## INSTRUCTIONS FOR THE TASK
Each line of the data that mentions the string "CONTINUOUS" needs to be identified and copied.

## EXERCISE INPUT
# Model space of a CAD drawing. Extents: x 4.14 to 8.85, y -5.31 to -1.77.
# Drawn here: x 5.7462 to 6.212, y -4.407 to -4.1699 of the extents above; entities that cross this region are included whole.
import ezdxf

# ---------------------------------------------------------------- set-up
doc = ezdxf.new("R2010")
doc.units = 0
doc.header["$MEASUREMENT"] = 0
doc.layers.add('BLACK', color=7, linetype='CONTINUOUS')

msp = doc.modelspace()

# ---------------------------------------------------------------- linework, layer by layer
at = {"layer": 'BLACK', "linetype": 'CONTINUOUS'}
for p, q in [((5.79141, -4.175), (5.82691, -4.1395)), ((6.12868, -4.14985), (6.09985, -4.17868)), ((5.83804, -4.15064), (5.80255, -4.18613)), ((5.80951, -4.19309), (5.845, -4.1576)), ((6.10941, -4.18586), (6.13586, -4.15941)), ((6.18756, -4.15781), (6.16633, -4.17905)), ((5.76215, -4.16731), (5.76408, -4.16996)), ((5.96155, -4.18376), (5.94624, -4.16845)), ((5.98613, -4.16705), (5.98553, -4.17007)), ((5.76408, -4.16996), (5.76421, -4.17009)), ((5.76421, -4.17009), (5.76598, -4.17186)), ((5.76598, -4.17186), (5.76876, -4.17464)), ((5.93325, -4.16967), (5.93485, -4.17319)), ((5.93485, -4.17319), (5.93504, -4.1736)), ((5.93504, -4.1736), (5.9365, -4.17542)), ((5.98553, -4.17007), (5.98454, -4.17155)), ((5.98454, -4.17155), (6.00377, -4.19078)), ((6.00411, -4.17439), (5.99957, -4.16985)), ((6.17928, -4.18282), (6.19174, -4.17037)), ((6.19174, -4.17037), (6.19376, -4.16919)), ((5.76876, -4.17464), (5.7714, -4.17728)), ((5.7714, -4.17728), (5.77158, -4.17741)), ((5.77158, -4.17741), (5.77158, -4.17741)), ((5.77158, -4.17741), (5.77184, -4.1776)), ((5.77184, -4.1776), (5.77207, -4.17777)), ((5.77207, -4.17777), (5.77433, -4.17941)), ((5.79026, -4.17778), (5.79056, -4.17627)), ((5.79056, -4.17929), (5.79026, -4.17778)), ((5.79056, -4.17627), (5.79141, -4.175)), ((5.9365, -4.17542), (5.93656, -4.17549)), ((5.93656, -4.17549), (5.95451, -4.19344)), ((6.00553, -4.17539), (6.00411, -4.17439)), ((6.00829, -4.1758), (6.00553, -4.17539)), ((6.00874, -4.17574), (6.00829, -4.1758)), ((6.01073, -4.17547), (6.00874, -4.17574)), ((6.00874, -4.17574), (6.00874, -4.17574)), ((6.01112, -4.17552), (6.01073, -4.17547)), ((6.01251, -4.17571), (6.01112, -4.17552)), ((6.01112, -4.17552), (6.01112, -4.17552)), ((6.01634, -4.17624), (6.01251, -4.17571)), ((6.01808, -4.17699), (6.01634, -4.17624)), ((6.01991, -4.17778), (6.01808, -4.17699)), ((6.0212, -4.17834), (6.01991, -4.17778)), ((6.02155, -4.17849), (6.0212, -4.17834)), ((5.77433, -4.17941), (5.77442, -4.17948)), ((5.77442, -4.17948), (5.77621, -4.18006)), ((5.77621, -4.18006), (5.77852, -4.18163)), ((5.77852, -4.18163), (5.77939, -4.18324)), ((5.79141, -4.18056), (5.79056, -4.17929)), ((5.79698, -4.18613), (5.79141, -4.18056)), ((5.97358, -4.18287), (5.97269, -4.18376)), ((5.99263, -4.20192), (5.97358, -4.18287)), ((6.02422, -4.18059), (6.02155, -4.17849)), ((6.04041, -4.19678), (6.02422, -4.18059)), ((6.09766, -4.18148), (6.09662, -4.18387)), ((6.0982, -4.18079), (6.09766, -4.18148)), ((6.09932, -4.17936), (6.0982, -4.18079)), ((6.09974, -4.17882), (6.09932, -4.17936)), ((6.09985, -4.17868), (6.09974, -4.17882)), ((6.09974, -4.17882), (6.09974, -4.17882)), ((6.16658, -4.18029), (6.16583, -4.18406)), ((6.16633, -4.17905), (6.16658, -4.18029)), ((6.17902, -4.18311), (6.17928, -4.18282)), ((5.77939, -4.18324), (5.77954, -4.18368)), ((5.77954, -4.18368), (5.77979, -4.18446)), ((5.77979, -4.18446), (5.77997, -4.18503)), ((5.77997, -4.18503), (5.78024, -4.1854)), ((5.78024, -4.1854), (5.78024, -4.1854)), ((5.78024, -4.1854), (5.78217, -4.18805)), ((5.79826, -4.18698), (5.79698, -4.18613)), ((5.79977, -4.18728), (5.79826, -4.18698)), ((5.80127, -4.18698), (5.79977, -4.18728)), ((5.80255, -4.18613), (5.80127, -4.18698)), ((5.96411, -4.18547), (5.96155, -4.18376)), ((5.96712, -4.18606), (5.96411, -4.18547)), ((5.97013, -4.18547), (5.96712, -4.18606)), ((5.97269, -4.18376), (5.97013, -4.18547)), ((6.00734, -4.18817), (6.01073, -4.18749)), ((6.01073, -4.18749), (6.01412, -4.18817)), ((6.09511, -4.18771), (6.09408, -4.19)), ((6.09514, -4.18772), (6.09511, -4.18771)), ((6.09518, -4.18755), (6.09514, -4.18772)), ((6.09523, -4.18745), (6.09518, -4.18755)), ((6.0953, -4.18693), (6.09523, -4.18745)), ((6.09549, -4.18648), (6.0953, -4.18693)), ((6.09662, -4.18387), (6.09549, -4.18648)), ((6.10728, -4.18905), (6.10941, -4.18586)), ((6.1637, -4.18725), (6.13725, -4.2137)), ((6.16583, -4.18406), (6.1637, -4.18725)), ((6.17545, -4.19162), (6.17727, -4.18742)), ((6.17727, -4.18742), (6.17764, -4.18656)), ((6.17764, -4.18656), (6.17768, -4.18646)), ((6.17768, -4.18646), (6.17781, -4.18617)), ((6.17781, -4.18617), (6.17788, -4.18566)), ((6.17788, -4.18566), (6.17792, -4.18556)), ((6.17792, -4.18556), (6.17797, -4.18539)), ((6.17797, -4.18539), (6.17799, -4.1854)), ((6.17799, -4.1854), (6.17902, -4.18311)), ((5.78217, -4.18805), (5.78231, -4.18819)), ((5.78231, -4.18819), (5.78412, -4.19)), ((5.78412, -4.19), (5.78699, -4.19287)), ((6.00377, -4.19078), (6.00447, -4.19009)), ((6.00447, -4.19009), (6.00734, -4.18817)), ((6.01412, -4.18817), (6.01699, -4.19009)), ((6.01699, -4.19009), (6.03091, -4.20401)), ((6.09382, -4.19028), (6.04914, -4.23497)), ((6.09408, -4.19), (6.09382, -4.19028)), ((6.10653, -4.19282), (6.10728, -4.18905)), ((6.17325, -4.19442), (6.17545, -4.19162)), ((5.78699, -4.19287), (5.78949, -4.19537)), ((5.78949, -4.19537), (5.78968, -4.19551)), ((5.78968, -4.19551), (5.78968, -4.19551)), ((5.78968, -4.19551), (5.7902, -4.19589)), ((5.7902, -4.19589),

## SOLVED PROBLEM
doc.layers.add('BLACK', color=7, linetype='CONTINUOUS')
at = {"layer": 'BLACK', "linetype": 'CONTINUOUS'}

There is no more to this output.